Here's a piece of sample code I wrote to microbenchmark the speed of a function call on Mac OS X. I've removed the function body in order to simply show the overall technique.

/* foo.cpp */
#include <stdio.h>
#include <mach/mach_time.h>

int testfunc(int arg1, int arg2);

int main(int, const char **)
{
    struct mach_timebase_info  tb;
    uint64_t   start, stop, elapsed;
    double     seconds;
    const int  iterations = 300000000;
    int result = 0;

    mach_timebase_info(&tb);

    // Run the test.
    start = mach_absolute_time();
    for (int i=0; i<iterations; ++i)
        result = testfunc(result,i);
    stop = mach_absolute_time();
    elapsed = stop - start;

    // Print results.
    seconds = ((double)elapsed * tb.denom / tb.numer) / (1000*1000*1000);
    printf("%d iterations = %0.9lf seconds\n", iterations, seconds);
    printf("1 iteration = %0.9lf seconds\n", seconds/iterations);
    return 0;
}
/* bar.cpp */
int testfunc(int, int)
{
    return 0;
}

Notice how the function that it's calling is in a completely different source file? That's because on my first attempt gcc's inlining optimizer actually completely eliminated the function call. This was only visible upon inspecting the disassembly (step 6). Putting the target function in another module was the easiest way to stop the function from being inlined. (Yes, I tried -fno-inline and __attribute__((noinline)). Neither has the desired effect.)
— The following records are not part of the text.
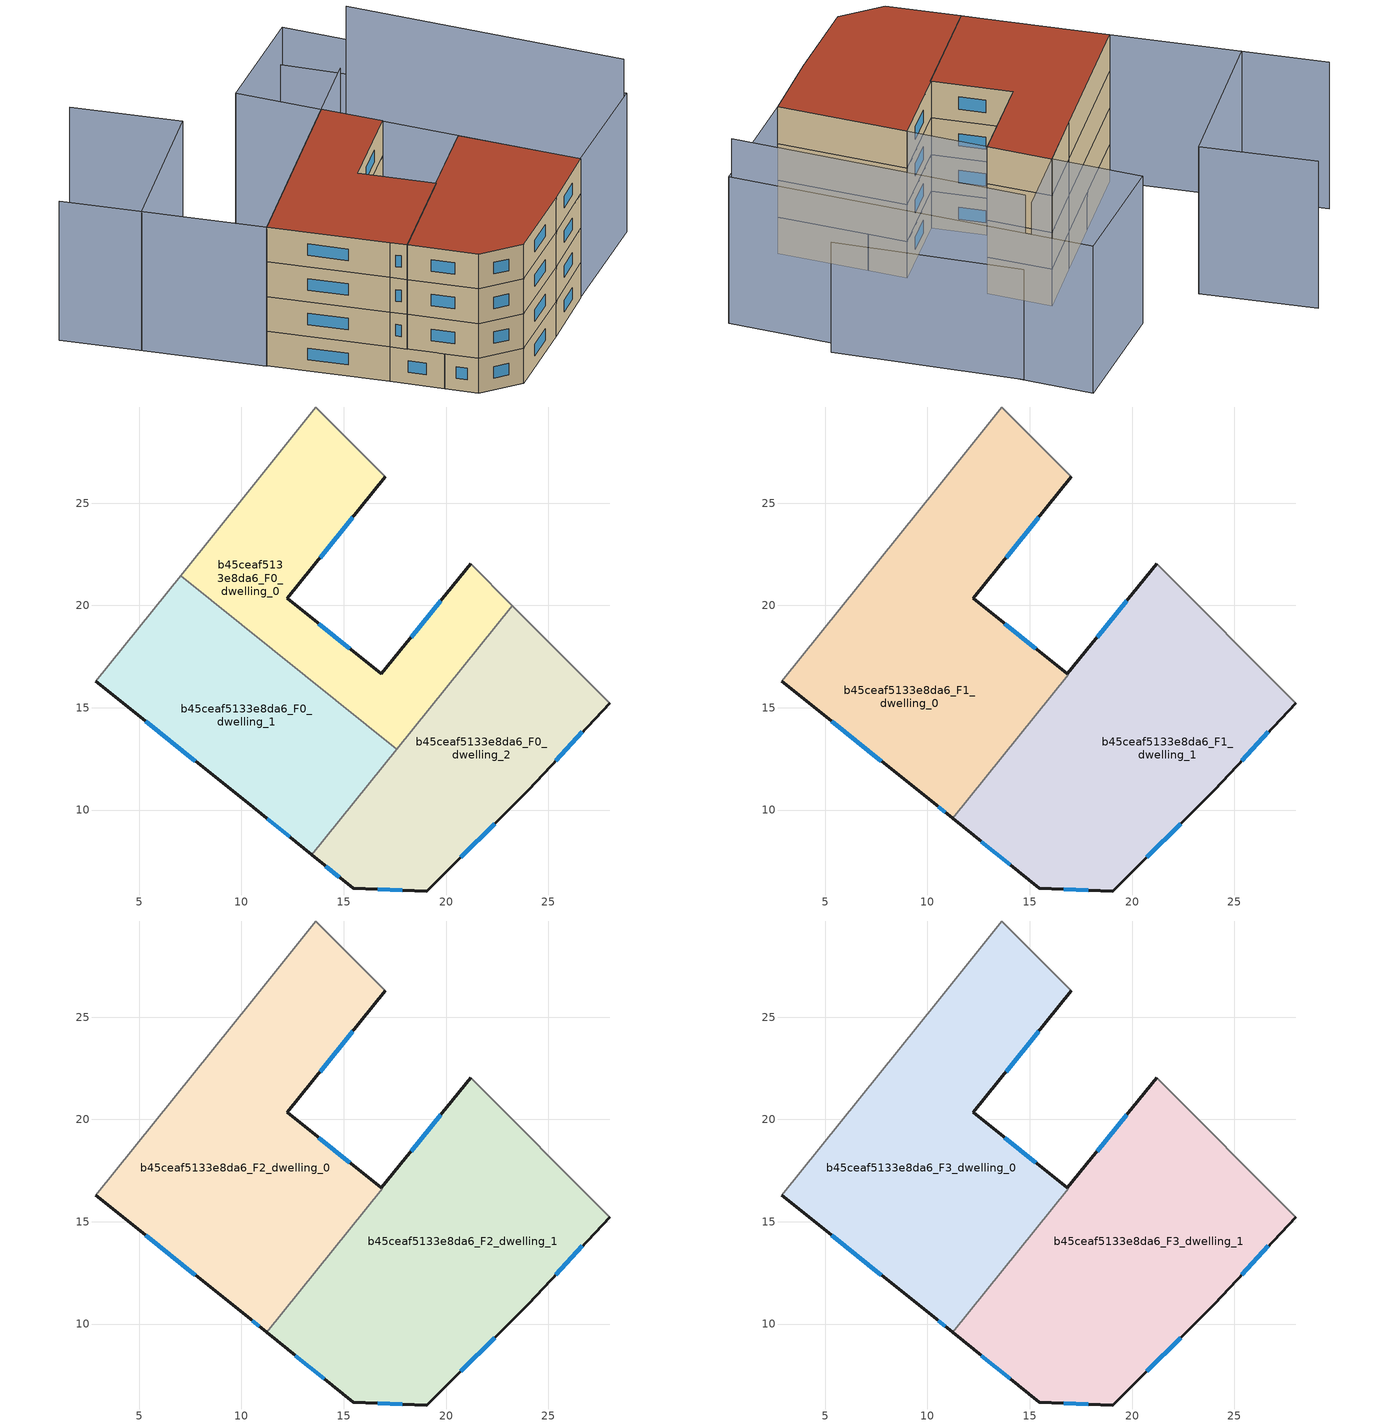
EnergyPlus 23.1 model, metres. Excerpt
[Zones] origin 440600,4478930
b45ceaf5133e8da6_F0_dwelling_0
 floor ground (EU_floor_Construction): 17.03,26.29 12.25,20.35 16.84,16.65 21.21,22.04 23.24,20 17.59,12.97 7.04,21.46 10.51,25.77 13.62,29.7 z0
 wall outside (EU_wall_Construction): 21.21,22.04 16.84,16.65 12.25,20.35 17.03,26.29 z0:3
 wall adiabatic (EU_wall_Construction): 17.03,26.29 13.62,29.7 10.51,25.77 7.04,21.46 / 23.24,20 21.21,22.04 z0:3
 wall to b45ceaf5133e8da6_F0_dwelling_1 (EU_wall_Construction): 7.04,21.46 17.59,12.97 z0:3
 wall to b45ceaf5133e8da6_F0_dwelling_2 (EU_wall_Construction): 17.59,12.97 23.24,20 z0:3
 window (EU_Window_Construction): 13.85,22.34 15.43,24.3 / 15.3,17.89 13.78,19.12 / 19.75,20.24 18.3,18.45 z1:2
b45ceaf5133e8da6_F0_dwelling_1
 floor ground (EU_floor_Construction): 17.59,12.97 13.43,7.81 10.19,10.45 2.89,16.29 7.04,21.46 z0
 wall outside (EU_wall_Construction): 2.89,16.29 10.19,10.45 13.43,7.81 z0:3
 wall adiabatic (EU_wall_Construction): 7.04,21.46 2.89,16.29 z0:3
 wall to b45ceaf5133e8da6_F0_dwelling_2 (EU_wall_Construction): 13.43,7.81 17.59,12.97 z0:3
 window (EU_Window_Construction): 5.33,14.33 7.75,12.4 / 11.27,9.56 12.35,8.69 z1:2
b45ceaf5133e8da6_F0_dwelling_2
 floor ground (EU_floor_Construction): 23.24,20 27.99,15.23 24.04,11 19.07,6.05 15.45,6.17 13.43,7.81 z0
 wall outside (EU_wall_Construction): 13.43,7.81 15.45,6.17 19.07,6.05 24.04,11 27.99,15.23 z0:3
 wall adiabatic (EU_wall_Construction): 27.99,15.23 23.24,20 z0:3
 window (EU_Window_Construction): 16.66,6.13 17.86,6.09 / 14.11,7.26 14.78,6.72 / 25.36,12.42 26.67,13.82 / 20.73,7.7 22.38,9.34 z1:2
b45ceaf5133e8da6_F1_dwelling_0
 floor to b45ceaf5133e8da6_F0_dwelling_0 (EU_floor_Construction): 13.62,29.7 17.03,26.29 12.25,20.35 16.83,16.66 16.88,16.62 15.38,14.75 7.04,21.46 10.5,25.77 z3
 floor to b45ceaf5133e8da6_F0_dwelling_1 (EU_floor_Construction): 15.38,14.75 11.23,9.6 10.19,10.45 2.89,16.29 7.04,21.46 z3
 wall outside (EU_wall_Construction): 2.89,16.29 10.19,10.45 11.23,9.6 / 16.83,16.66 12.25,20.35 17.03,26.29 z3:6
 wall adiabatic (EU_wall_Construction): 17.03,26.29 13.62,29.7 10.51,25.77 2.89,16.29 z3:6
 wall to b45ceaf5133e8da6_F1_dwelling_1 (EU_wall_Construction): 11.23,9.6 16.88,16.62 16.83,16.65 z3:6
 window (EU_Window_Construction): 10.54,10.16 10.88,9.88 / 5.33,14.33 7.75,12.4 / 13.85,22.34 15.43,24.3 / 15.3,17.89 13.78,19.12 z4:5
b45ceaf5133e8da6_F1_dwelling_1
 floor to b45ceaf5133e8da6_F0_dwelling_0 (EU_floor_Construction): 21.21,22.04 23.24,20 17.59,12.97 15.38,14.75 16.88,16.62 16.83,16.65 z3
 floor to b45ceaf5133e8da6_F0_dwelling_1 (EU_floor_Construction): 17.59,12.97 13.43,7.81 11.23,9.6 15.38,14.75 z3
 floor to b45ceaf5133e8da6_F0_dwelling_2 (EU_floor_Construction): 23.24,20 27.99,15.23 24.04,11 19.06,6.05 15.45,6.17 13.43,7.81 z3
 wall outside (EU_wall_Construction): 11.23,9.6 15.45,6.17 19.07,6.05 24.04,11 27.99,15.23 / 21.21,22.04 16.84,16.65 z3:6
 wall adiabatic (EU_wall_Construction): 27.99,15.23 21.21,22.04 z3:6
 window (EU_Window_Construction): 16.66,6.13 17.86,6.09 / 12.64,8.45 14.04,7.32 / 19.75,20.24 18.3,18.45 / 25.36,12.42 26.67,13.82 / 20.73,7.7 22.38,9.34 z4:5
b45ceaf5133e8da6_F2_dwelling_0
 floor to b45ceaf5133e8da6_F1_dwelling_0 (EU_floor_Construction): 13.62,29.7 17.03,26.29 12.25,20.35 16.83,16.65 16.88,16.62 11.23,9.6 10.19,10.45 2.89,16.29 10.5,25.77 z6
 wall outside (EU_wall_Construction): 2.89,16.29 10.19,10.45 11.23,9.6 / 16.83,16.66 12.25,20.35 17.03,26.29 z6:9
 wall adiabatic (EU_wall_Construction): 17.03,26.29 13.62,29.7 10.51,25.77 2.89,16.29 z6:9
 wall to b45ceaf5133e8da6_F2_dwelling_1 (EU_wall_Construction): 11.23,9.6 16.88,16.62 16.83,16.65 z6:9
 window (EU_Window_Construction): 10.54,10.16 10.88,9.88 / 5.33,14.33 7.75,12.4 / 13.85,22.34 15.43,24.3 / 15.3,17.89 13.78,19.12 z7:8
b45ceaf5133e8da6_F2_dwelling_1
 floor to b45ceaf5133e8da6_F1_dwelling_1 (EU_floor_Construction): 21.21,22.04 27.99,15.23 24.04,11 19.06,6.05 15.45,6.17 11.23,9.6 16.88,16.62 16.83,16.65 z6
 wall outside (EU_wall_Construction): 11.23,9.6 15.45,6.17 19.07,6.05 24.04,11 27.99,15.23 / 21.21,22.04 16.84,16.65 z6:9
 wall adiabatic (EU_wall_Construction): 27.99,15.23 21.21,22.04 z6:9
 window (EU_Window_Construction): 16.66,6.13 17.86,6.09 / 12.64,8.45 14.04,7.32 / 19.75,20.24 18.3,18.45 / 25.36,12.42 26.67,13.82 / 20.73,7.7 22.38,9.34 z7:8
b45ceaf5133e8da6_F3_dwelling_0
 floor to b45ceaf5133e8da6_F2_dwelling_0 (EU_floor_Construction): 13.62,29.7 17.03,26.29 12.25,20.35 16.83,16.65 16.88,16.62 11.23,9.6 10.19,10.45 2.89,16.29 10.5,25.77 z9
 wall outside (EU_wall_Construction): 2.89,16.29 10.19,10.45 11.23,9.6 / 16.83,16.66 12.25,20.35 17.03,26.29 z9:12
 wall adiabatic (EU_wall_Construction): 17.03,26.29 13.62,29.7 10.51,25.77 2.89,16.29 z9:12
 wall to b45ceaf5133e8da6_F3_dwelling_1 (EU_wall_Construction): 11.23,9.6 16.88,16.62 16.83,16.65 z9:12
 window (EU_Window_Construction): 10.54,10.16 10.88,9.88 / 5.33,14.33 7.75,12.4 / 13.85,22.34 15.43,24.3 / 15.3,17.89 13.78,19.12 z10:11
 roof outside (EU_roof_Construction): 11.23,9.6 16.88,16.62 16.84,16.65 12.25,20.35 17.03,26.29 13.62,29.7 10.51,25.77 2.89,16.29 10.19,10.45 z12
b45ceaf5133e8da6_F3_dwelling_1
 floor to b45ceaf5133e8da6_F2_dwelling_1 (EU_floor_Construction): 21.21,22.04 27.99,15.23 24.04,11 19.06,6.05 15.45,6.17 11.23,9.6 16.88,16.62 16.83,16.65 z9
 wall outside (EU_wall_Construction): 11.23,9.6 15.45,6.17 19.07,6.05 24.04,11 27.99,15.23 / 21.21,22.04 16.84,16.65 z9:12
 wall adiabatic (EU_wall_Construction): 27.99,15.23 21.21,22.04 z9:12
 window (EU_Window_Construction): 16.66,6.13 17.86,6.09 / 12.64,8.45 14.04,7.32 / 19.75,20.24 18.3,18.45 / 25.36,12.42 26.67,13.82 / 20.73,7.7 22.38,9.34 z10:11
 roof outside (EU_roof_Construction): 24.04,11 27.99,15.23 21.21,22.04 16.84,16.65 16.88,16.62 11.23,9.6 15.45,6.17 19.07,6.05 z12
shading: -3.06,37.85 3.67,32.52 / 3.67,32.52 -4.49,22.23 / 17.37,34.36 2.91,16.27 / 2.91,16.27 -9.41,26.11 / 27.97,15.22 8.89,34.46 / 8.89,34.46 15.95,41.47 / 15.95,41.47 35.04,22.23 / 35.04,22.23 27.97,15.22 z0:12; 34.78,22.18 19.45,37.72 z0:15; 30.19,28.77 15.67,41.14 z0:9
[Building]
EU S2 Campaign: North Axis=0; Terrain=City; Solar Distribution=FullExterior
[Site:Location]
Madrid: Latitude=40.5; Longitude=-3.5; Time Zone=1; Elevation=609
[SizingPeriod:WeatherFileDays]
AnnualSizingPeriod: Begin Month=1; Begin Day of Month=1; End Month=12; End Day of Month=31; Day of Week for Start Day=Monday; Use Weather File Daylight Saving Period=No; Use Weather File Rain and Snow Indicators=No
[MATERIAL]
EU_InternalMass_Material: Roughness=MediumRough; Thickness=0.1; Conductivity=1; Density=1800; Specific Heat=900; Thermal Absorptance=0.9; Solar Absorptance=0.7; Visible Absorptance=0.7
[MATERIAL:NOMASS] Roughness=MediumRough; Thermal Absorptance=0.9; Solar Absorptance=0.7; Visible Absorptance=0.7
Name | Thermal Resistance
EU_wall_NoMass | 0.459673
EU_roof_NoMass | 0.495815
EU_floor_NoMass | 0.788942
[WINDOWMATERIAL:SIMPLEGLAZINGSYSTEM]
EU_Window_SimpleGlazing: UFactor=4.26103; Solar Heat Gain Coefficient=0.85; Visible Transmittance=0.85
[CONSTRUCTION]
EU_wall_Construction: EU_wall_NoMass
EU_roof_Construction: EU_roof_NoMass
EU_floor_Construction: EU_floor_NoMass
EU_InternalMass_Construction: EU_InternalMass_Material
EU_Window_Construction: EU_Window_SimpleGlazing
[ZONE] Type=1; Multiplier=1; Ceiling Height=autocalculate; Floor Area=autocalculate; Part of Total Floor Area=Yes
Name | Volume
b45ceaf5133e8da6_F0_dwelling_0 | 268.74
b45ceaf5133e8da6_F1_dwelling_0 | 402.12
b45ceaf5133e8da6_F2_dwelling_0; b45ceaf5133e8da6_F3_dwelling_0 | 402.099
b45ceaf5133e8da6_F0_dwelling_1 | 268.744
b45ceaf5133e8da6_F1_dwelling_1 | 404.042
b45ceaf5133e8da6_F2_dwelling_1; b45ceaf5133e8da6_F3_dwelling_1 | 404.045
b45ceaf5133e8da6_F0_dwelling_2 | 268.739
[INTERNALMASS] Construction=EU_InternalMass_Construction
Name | Zone or ZoneList | Surface Area
b45ceaf5133e8da6_F0_dwelling_0_EU_InternalMass | b45ceaf5133e8da6_F0_dwelling_0 | 89.58
b45ceaf5133e8da6_F0_dwelling_1_EU_InternalMass | b45ceaf5133e8da6_F0_dwelling_1 | 89.5835
b45ceaf5133e8da6_F0_dwelling_2_EU_InternalMass | b45ceaf5133e8da6_F0_dwelling_2 | 89.5795
b45ceaf5133e8da6_F1_dwelling_0_EU_InternalMass | b45ceaf5133e8da6_F1_dwelling_0 | 134.057
b45ceaf5133e8da6_F1_dwelling_1_EU_InternalMass | b45ceaf5133e8da6_F1_dwelling_1 | 134.681
b45ceaf5133e8da6_F2_dwelling_0_EU_InternalMass | b45ceaf5133e8da6_F2_dwelling_0 | 134.057
b45ceaf5133e8da6_F2_dwelling_1_EU_InternalMass | b45ceaf5133e8da6_F2_dwelling_1 | 134.681
b45ceaf5133e8da6_F3_dwelling_0_EU_InternalMass | b45ceaf5133e8da6_F3_dwelling_0 | 134.057
b45ceaf5133e8da6_F3_dwelling_1_EU_InternalMass | b45ceaf5133e8da6_F3_dwelling_1 | 134.681
[OTHEREQUIPMENT] Fuel Type=Electricity; Design Level Calculation Method=Watts/Area; Power per Zone Floor Area=1; Fraction Latent=0; Fraction Radiant=0; Fraction Lost=0; Carbon Dioxide Generation Rate=0; EndUse Subcategory=EU_Step8_InternalGains
Name | Zone or ZoneList or Space or SpaceList | Schedule
EU_Step8_InternalGain_b45ceaf5133e8da6_F0_dwelling_0_f000 | b45ceaf5133e8da6_F0_dwelling_0 | EU_Step8_GainSchedule_b45ceaf5133e8da6_F0_dwelling_0_f000
EU_Step8_InternalGain_b45ceaf5133e8da6_F0_dwelling_1_f000 | b45ceaf5133e8da6_F0_dwelling_1 | EU_Step8_GainSchedule_b45ceaf5133e8da6_F0_dwelling_1_f000
EU_Step8_InternalGain_b45ceaf5133e8da6_F0_dwelling_2_f000 | b45ceaf5133e8da6_F0_dwelling_2 | EU_Step8_GainSchedule_b45ceaf5133e8da6_F0_dwelling_2_f000
EU_Step8_InternalGain_b45ceaf5133e8da6_F1_dwelling_0_f000 | b45ceaf5133e8da6_F1_dwelling_0 | EU_Step8_GainSchedule_b45ceaf5133e8da6_F1_dwelling_0_f000
EU_Step8_InternalGain_b45ceaf5133e8da6_F1_dwelling_1_f000 | b45ceaf5133e8da6_F1_dwelling_1 | EU_Step8_GainSchedule_b45ceaf5133e8da6_F1_dwelling_1_f000
EU_Step8_InternalGain_b45ceaf5133e8da6_F2_dwelling_0_f000 | b45ceaf5133e8da6_F2_dwelling_0 | EU_Step8_GainSchedule_b45ceaf5133e8da6_F2_dwelling_0_f000
EU_Step8_InternalGain_b45ceaf5133e8da6_F2_dwelling_1_f000 | b45ceaf5133e8da6_F2_dwelling_1 | EU_Step8_GainSchedule_b45ceaf5133e8da6_F2_dwelling_1_f000
EU_Step8_InternalGain_b45ceaf5133e8da6_F3_dwelling_0_f000 | b45ceaf5133e8da6_F3_dwelling_0 | EU_Step8_GainSchedule_b45ceaf5133e8da6_F3_dwelling_0_f000
EU_Step8_InternalGain_b45ceaf5133e8da6_F3_dwelling_1_f000 | b45ceaf5133e8da6_F3_dwelling_1 | EU_Step8_GainSchedule_b45ceaf5133e8da6_F3_dwelling_1_f000
[ZONEVENTILATION:DESIGNFLOWRATE] Schedule=EU_AlwaysOn; Design Flow Rate Calculation Method=AirChanges/Hour; Air Changes per Hour=0.719161; Ventilation Type=Natural; Fan Pressure Rise=0; Fan Total Efficiency=1; Constant Term Coefficient=1; Temperature Term Coefficient=0; Velocity Term Coefficient=0; Velocity Squared Term Coefficient=0; Minimum Indoor Temperature=-100; Maximum Indoor Temperature=100; Delta Temperature=-100; Minimum Outdoor Temperature=-100; Maximum Outdoor Temperature=100; Maximum Wind Speed=40
Name | Zone or ZoneList or Space or SpaceList
EU_ConstantAir_b45ceaf5133e8da6_F0_dwelling_0 | b45ceaf5133e8da6_F0_dwelling_0
EU_ConstantAir_b45ceaf5133e8da6_F0_dwelling_1 | b45ceaf5133e8da6_F0_dwelling_1
EU_ConstantAir_b45ceaf5133e8da6_F0_dwelling_2 | b45ceaf5133e8da6_F0_dwelling_2
EU_ConstantAir_b45ceaf5133e8da6_F1_dwelling_0 | b45ceaf5133e8da6_F1_dwelling_0
EU_ConstantAir_b45ceaf5133e8da6_F1_dwelling_1 | b45ceaf5133e8da6_F1_dwelling_1
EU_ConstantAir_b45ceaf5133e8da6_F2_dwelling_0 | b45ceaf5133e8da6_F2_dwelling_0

I've chosen to ignore the overhead of the loop itself in this measurement. It's essentially negligible for most types of microbenchmarks. Furthermore, as long as you wind up comparing the result against another test run with identical loop overhead, it will simply cancel from both sides of the equation.

So that's it. Anyone have any interesting situations where you've found that you needed to run a microbenchmark? Does your technique differ from mine? Found any unexpected results? Let me know in the comments.